__RECORDS FOR THIS EXERCISE__:
☆ ☆ ☆

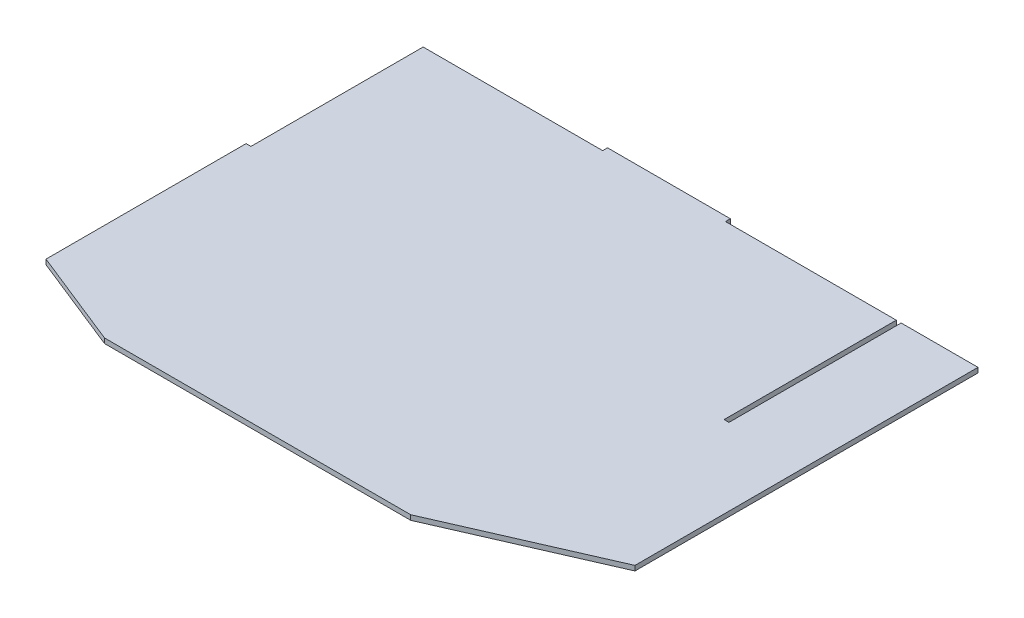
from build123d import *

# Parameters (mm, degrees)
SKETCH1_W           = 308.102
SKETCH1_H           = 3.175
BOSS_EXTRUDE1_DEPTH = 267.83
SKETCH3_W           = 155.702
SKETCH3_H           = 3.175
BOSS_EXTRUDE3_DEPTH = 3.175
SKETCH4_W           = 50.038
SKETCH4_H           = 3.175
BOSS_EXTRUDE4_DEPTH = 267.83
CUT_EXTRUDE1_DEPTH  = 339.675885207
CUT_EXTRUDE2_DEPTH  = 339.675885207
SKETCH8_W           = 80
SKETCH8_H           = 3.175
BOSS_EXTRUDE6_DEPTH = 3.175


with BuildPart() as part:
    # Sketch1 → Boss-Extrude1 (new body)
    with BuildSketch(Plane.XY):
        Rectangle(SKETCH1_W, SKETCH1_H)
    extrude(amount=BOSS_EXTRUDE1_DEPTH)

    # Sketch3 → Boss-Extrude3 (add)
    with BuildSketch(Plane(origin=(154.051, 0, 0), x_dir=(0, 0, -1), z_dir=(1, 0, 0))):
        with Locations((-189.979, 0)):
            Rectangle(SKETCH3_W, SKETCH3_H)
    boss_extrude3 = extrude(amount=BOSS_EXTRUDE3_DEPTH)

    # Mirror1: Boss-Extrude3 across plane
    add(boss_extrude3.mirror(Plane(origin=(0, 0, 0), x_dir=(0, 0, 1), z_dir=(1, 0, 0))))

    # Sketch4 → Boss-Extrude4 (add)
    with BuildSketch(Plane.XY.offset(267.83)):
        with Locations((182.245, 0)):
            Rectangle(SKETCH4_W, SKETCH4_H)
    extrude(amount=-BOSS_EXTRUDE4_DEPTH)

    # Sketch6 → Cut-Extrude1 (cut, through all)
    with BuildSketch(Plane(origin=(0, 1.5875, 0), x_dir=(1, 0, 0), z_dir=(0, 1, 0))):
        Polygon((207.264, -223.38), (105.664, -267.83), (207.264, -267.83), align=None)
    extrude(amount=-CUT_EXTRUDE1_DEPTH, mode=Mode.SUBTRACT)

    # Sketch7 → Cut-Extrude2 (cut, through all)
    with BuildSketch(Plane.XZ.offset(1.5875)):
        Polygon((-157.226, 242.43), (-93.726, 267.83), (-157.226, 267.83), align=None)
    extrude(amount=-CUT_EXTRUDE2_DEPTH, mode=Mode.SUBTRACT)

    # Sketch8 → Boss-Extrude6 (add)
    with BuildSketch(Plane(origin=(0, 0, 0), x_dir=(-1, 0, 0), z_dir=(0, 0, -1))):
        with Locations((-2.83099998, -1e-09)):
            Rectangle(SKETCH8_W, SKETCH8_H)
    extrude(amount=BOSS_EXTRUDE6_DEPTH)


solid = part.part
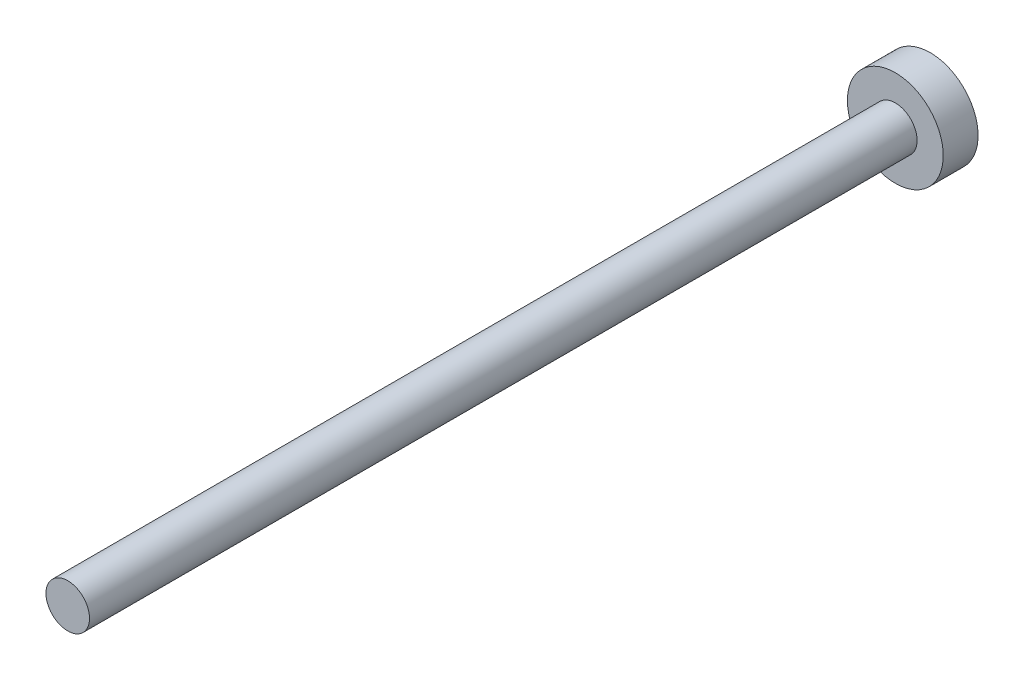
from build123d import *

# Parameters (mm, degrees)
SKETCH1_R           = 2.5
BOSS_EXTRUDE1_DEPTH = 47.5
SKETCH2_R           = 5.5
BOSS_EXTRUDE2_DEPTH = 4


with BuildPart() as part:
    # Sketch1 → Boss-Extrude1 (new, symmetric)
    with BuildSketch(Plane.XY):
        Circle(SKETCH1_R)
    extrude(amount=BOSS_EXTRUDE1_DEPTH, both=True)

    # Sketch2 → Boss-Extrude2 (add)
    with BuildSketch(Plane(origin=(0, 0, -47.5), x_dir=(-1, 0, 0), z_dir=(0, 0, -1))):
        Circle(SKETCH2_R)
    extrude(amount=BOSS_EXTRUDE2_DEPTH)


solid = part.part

☆ ☆ ☆

__PROBLEM__: The first line of the listing through the line with "Rectangle(SKETCH1_W, SKETCH1_H)": repeat exactly that span and nothing more, skipping pictures.

__SOLUTION TO THIS TASK__:
from build123d import *

# Parameters (mm, degrees)
SKETCH1_W           = 308.102
SKETCH1_H           = 3.175
BOSS_EXTRUDE1_DEPTH = 267.83
SKETCH3_W           = 155.702
SKETCH3_H           = 3.175
BOSS_EXTRUDE3_DEPTH = 3.175
SKETCH4_W           = 50.038
SKETCH4_H           = 3.175
BOSS_EXTRUDE4_DEPTH = 267.83
CUT_EXTRUDE1_DEPTH  = 339.675885207
CUT_EXTRUDE2_DEPTH  = 339.675885207
SKETCH8_W           = 80
SKETCH8_H           = 3.175
BOSS_EXTRUDE6_DEPTH = 3.175


with BuildPart() as part:
    # Sketch1 → Boss-Extrude1 (new body)
    with BuildSketch(Plane.XY):
        Rectangle(SKETCH1_W, SKETCH1_H)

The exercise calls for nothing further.